渋谷・道玄坂の由来は山賊だった? ハチが愛した渋谷の地名散歩

東京の地名の由来と、それにまつわる歴史やトリビアなどをご紹介する企画シリーズ「東京地名散歩」。

前回、静寂の街「愛住町」を訪れたライターの未知草ニハチローさんが、第2弾は、街のシンボル「ハチ公」がある渋谷を散策しました。いまでは国内のみならずとも、海外からも多くの観光客を迎えいれる忙しいこの街の歴史をたどります。

※本記事は現段階でのお出かけを推奨するものではありません。新型コロナウィルスの国内情報および各施設などの公式発表をご確認ください。

渋谷のシンボル「ハチ公」こと秋田犬ハチ

いつもにぎわう渋谷駅前・ハチ公口

世界的に知られる渋谷のシンボル、ハチ公こと秋田犬ハチ(大正12=1923年~昭和10=1935年)の足跡を訪ねる地名散歩に出ました。スタート地点は常に内外の観光客が集まっている渋谷駅・ハチ公像の前。ちなみにハチ公像の住所は渋谷区道玄坂2丁目です。

休日ともなるとハチを撮影する人の波は途切れない

ハチ公像の目線の先にはハチの子ども時代をモチーフにしたレリーフが外壁を飾るJR渋谷駅の駅舎(ハチ公口)がありますが、その住所は道玄坂1丁目。道玄坂はスクランブル交差点の先のほうにある坂道そのもののイメージが強いので、意外な感じがするかもしれません。でも道玄坂地区は、渋谷駅からすでに始まっているのです。

渋谷駅ハチ公口の壁を飾る子犬時代のハチの一家

そして現在の渋谷駅は、実は2代目です(駅舎の建物は改築・改修を何度もしているが)。大正9(1920)年に、初代駅舎(明治18=1885年竣工、現在の埼京線渋谷駅ホームのあたり=渋谷3丁目)から数百メートルほど離れた現在地に移転しています。

渋谷駅は100年に1度の大改造の真っ最中

ハチは現在の渋谷駅誕生の3年後に生まれ、翌年の大正13(1924)年1月、生後3か月のときに、愛犬家で東京帝国大学教授だった上野英三郎博士(農学博士)に引き取られています。大学への通勤に渋谷駅を使う上野博士を送り迎えするため、上野博士の自宅(現在の松濤1丁目、詳細は後述)と渋谷駅の間を往復するようになったのは、大正13年の後半頃からではないかと推測されます。

道玄坂の由来は、山賊となった武士からきてる?

それはともかく――。渋谷区の現在の地名(住居表示)の多くは昭和40年台に変更されたもので、近代以降に何度も行われた地名変更と合わせ、由緒ある地名の多くが消えました。しかし道玄坂は、やはりハチにゆかりの松濤神山町宇田川町富ヶ谷などと同様に、地名変更の波をくぐり抜け、その由来を今に伝えています。

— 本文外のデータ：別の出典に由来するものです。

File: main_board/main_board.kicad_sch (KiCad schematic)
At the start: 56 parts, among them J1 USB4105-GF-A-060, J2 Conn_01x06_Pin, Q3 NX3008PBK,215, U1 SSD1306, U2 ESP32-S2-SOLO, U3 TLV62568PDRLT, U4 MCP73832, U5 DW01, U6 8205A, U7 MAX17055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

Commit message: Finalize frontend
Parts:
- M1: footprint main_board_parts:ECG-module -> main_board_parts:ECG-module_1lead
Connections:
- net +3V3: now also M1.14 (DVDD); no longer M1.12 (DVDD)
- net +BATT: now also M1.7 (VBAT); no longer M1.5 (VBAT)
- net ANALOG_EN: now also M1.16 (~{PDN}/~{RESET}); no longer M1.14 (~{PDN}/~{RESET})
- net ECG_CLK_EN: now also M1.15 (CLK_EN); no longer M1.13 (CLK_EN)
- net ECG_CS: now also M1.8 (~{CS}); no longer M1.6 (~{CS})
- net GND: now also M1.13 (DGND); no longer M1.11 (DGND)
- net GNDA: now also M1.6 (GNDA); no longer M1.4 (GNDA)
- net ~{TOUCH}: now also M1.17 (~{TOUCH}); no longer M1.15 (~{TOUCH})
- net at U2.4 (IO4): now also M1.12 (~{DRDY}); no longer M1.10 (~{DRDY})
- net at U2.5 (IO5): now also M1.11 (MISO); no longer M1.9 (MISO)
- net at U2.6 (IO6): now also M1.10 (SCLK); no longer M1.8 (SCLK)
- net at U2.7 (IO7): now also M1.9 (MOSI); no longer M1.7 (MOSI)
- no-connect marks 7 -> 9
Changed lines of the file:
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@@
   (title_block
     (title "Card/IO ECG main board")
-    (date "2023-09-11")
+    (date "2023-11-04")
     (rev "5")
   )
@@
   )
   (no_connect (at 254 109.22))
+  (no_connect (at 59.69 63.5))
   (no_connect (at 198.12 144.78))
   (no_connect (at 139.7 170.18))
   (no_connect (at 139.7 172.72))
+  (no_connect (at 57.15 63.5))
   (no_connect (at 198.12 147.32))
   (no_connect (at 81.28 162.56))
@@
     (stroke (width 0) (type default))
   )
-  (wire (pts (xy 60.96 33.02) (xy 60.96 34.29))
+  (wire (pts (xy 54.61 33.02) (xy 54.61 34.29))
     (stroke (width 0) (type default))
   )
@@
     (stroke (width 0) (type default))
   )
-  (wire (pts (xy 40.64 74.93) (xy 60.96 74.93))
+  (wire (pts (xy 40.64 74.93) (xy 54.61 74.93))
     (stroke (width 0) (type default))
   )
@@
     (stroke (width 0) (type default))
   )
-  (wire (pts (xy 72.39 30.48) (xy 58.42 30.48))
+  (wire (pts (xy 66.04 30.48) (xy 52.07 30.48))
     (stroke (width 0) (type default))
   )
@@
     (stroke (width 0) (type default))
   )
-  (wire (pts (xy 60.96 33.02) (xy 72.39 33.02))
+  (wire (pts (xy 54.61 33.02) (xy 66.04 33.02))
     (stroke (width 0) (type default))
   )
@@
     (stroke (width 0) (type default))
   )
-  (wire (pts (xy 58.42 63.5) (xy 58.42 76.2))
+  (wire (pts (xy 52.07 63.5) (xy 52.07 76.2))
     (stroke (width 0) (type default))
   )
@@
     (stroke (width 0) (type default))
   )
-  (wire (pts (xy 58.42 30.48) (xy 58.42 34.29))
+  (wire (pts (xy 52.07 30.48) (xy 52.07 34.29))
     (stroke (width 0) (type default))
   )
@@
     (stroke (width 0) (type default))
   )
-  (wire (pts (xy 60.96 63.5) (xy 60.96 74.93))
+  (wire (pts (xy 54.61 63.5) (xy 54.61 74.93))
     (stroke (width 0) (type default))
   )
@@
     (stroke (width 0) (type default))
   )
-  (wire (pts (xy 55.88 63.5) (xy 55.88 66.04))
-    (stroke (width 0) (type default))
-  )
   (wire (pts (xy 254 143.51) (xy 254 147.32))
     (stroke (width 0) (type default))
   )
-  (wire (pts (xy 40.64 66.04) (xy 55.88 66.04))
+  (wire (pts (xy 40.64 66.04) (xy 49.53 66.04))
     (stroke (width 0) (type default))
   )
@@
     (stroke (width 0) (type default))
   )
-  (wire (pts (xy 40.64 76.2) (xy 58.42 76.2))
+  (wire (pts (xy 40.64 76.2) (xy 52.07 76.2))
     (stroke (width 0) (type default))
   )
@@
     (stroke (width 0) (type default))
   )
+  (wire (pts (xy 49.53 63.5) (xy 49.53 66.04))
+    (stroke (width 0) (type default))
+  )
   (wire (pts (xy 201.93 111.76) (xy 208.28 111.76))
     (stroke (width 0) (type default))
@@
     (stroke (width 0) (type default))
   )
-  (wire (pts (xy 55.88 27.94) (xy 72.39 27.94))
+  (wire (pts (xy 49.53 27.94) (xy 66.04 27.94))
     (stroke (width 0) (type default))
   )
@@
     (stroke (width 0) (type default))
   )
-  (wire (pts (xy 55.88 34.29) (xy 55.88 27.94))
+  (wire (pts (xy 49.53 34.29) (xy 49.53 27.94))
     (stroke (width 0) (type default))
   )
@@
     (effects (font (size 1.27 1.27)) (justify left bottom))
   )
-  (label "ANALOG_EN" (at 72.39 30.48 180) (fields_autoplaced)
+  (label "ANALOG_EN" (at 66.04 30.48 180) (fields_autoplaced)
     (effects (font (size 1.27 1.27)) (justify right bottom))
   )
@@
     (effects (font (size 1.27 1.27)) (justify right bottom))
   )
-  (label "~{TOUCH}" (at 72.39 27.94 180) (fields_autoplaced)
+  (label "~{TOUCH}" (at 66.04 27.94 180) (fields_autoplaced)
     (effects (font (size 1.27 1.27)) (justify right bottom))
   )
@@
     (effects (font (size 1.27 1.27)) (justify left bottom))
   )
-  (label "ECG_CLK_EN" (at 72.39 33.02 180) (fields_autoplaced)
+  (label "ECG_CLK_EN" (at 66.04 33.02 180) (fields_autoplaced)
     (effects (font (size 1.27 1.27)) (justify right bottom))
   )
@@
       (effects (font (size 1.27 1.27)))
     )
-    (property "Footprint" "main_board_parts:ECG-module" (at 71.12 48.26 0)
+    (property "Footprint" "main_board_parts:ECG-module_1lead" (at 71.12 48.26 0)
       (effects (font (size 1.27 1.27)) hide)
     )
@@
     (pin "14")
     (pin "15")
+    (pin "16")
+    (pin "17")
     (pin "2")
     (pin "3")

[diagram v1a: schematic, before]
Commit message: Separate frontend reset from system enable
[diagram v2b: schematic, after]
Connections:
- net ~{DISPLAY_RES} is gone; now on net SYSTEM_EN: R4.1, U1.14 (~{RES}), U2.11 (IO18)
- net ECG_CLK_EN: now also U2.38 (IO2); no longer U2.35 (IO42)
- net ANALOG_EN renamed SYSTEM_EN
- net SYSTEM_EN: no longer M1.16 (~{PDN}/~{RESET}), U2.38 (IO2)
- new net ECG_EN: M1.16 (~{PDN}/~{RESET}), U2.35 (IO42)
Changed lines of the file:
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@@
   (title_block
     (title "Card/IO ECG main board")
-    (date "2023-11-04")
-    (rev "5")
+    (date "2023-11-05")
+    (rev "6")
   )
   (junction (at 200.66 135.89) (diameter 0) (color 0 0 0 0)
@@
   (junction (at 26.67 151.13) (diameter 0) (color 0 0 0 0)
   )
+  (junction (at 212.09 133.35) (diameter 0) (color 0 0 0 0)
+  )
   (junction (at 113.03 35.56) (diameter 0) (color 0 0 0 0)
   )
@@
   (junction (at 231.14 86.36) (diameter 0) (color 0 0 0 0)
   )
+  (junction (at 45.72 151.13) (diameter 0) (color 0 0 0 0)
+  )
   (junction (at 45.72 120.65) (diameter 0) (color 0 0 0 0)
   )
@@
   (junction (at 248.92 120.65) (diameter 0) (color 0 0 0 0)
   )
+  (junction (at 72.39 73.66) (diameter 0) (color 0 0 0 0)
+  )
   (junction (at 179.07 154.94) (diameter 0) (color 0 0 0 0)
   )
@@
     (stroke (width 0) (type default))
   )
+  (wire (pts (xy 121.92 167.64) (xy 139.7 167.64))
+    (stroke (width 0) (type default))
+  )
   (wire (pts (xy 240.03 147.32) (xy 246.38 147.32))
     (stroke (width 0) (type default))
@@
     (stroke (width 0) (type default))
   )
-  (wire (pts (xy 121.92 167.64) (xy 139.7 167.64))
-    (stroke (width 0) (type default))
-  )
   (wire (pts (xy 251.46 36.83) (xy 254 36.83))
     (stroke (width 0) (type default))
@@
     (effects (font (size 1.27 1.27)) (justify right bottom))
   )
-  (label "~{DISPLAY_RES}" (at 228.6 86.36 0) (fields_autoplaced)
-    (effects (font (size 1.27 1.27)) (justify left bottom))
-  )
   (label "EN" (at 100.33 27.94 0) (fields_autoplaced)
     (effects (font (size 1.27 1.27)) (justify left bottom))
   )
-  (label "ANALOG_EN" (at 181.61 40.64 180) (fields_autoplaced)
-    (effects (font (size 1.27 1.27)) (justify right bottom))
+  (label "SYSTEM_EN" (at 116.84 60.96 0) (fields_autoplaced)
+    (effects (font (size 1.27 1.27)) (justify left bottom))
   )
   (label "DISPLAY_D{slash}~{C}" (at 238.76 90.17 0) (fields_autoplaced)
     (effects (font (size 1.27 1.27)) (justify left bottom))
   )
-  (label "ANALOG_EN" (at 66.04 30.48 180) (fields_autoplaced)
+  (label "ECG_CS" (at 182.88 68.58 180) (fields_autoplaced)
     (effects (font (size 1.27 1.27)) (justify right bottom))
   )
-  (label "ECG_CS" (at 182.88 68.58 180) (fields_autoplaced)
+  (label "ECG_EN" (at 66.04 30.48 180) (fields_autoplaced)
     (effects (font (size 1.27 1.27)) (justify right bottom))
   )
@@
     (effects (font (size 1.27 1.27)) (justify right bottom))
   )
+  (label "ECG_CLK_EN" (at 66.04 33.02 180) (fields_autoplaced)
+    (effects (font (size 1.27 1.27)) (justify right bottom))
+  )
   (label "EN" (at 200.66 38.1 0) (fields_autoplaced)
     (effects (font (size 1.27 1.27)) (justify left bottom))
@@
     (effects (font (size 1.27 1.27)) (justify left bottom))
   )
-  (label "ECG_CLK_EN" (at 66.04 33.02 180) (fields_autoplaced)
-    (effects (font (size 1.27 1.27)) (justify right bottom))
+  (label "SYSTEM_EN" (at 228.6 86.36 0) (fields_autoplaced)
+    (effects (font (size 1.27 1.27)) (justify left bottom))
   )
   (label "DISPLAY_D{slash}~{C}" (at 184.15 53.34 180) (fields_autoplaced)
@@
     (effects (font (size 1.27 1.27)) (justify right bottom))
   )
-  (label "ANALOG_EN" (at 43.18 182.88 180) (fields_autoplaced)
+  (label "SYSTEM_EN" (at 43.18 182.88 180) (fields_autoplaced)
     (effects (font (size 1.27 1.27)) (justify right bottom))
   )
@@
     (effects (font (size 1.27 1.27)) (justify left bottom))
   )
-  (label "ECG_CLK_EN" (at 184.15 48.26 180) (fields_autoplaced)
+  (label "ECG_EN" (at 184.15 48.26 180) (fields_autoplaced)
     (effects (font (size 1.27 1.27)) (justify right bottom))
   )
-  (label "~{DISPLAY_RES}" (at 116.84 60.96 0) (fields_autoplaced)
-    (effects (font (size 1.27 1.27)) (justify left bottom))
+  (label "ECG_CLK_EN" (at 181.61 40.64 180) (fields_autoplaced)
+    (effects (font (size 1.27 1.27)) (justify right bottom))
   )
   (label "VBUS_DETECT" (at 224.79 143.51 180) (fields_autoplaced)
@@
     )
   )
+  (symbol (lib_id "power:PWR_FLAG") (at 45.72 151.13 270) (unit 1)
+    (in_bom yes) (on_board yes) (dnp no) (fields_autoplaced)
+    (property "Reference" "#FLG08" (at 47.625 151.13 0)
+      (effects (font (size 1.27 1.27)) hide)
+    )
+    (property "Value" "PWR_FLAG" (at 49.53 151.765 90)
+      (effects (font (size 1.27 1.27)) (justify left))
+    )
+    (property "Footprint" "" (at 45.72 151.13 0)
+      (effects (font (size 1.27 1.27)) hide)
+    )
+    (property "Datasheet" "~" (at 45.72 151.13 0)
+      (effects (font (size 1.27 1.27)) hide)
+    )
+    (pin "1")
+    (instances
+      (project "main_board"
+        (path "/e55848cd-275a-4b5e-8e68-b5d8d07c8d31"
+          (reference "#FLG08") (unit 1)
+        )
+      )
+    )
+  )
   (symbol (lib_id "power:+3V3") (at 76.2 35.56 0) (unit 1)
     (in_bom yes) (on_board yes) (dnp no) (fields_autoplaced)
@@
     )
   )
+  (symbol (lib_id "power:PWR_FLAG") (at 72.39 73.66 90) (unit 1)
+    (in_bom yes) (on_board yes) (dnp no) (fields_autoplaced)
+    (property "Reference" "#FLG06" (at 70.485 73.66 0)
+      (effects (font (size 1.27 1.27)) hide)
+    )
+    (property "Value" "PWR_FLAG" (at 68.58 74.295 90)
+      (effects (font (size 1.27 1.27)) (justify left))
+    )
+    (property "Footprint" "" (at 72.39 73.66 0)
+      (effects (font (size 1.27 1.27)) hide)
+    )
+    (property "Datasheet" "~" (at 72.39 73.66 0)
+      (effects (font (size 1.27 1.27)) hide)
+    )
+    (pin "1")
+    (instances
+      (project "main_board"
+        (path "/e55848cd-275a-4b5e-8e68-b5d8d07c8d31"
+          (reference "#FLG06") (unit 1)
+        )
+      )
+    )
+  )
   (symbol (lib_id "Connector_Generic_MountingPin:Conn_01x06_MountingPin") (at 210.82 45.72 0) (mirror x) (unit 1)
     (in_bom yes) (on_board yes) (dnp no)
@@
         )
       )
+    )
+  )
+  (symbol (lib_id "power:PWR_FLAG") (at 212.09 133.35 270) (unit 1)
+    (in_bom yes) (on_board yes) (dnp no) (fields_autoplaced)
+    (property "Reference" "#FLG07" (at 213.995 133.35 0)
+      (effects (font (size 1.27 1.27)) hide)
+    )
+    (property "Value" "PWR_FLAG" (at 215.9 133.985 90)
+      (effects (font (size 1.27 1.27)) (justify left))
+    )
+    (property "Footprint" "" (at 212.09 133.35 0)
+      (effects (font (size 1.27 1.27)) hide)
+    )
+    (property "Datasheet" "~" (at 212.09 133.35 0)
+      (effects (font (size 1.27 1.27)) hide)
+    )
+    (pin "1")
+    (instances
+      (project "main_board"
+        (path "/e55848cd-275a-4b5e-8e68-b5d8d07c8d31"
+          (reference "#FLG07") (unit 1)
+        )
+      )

道玄坂の地名の由来については諸説あります。なかでも室町時代に大和田太郎道玄という武士(鎌倉時代の武将・和田義盛の家来の子孫)がこの地で山賊となって恐れられいつしか道玄坂と呼ばれるようになったという江戸名所図会の解説がいちばんピッタリきます。

夜でも明るい道玄坂を見たら大和田道玄もさぞかし驚く!?

道玄坂に限らず、近世以前の渋谷は昼なお暗い谷や森、高低差の多い湿地帯に覆われた場所が多く、まさに山賊が隠れ住むにはふさわしい環境だったのです。


道玄坂では今もときどき「昼なお暗い雰囲気」が垣間見られる

また道玄坂地区と玉川通りを挟んで反対側の桜丘町地区に立地し、プラネタリウムのあることでも知られる渋谷区の公共文化施設「文化総合センター大和田」の名称は、旧大和田小学校の跡地にできたことに由来しています。

かつて東急文化会館(渋谷ヒカリエの前身)のプラネタリウムで使われていた星座の光学式投影機(文化総合センター大和田)

さらに現在の南平台町地区から桜丘町地区にかけての地域は、昭和45(1970)年の変更以前の地名が大和田町でした。この大和田も大和田道玄から採られたとする説が有力です。道玄さんは当時の人々によほど恐れられた山賊だったようです。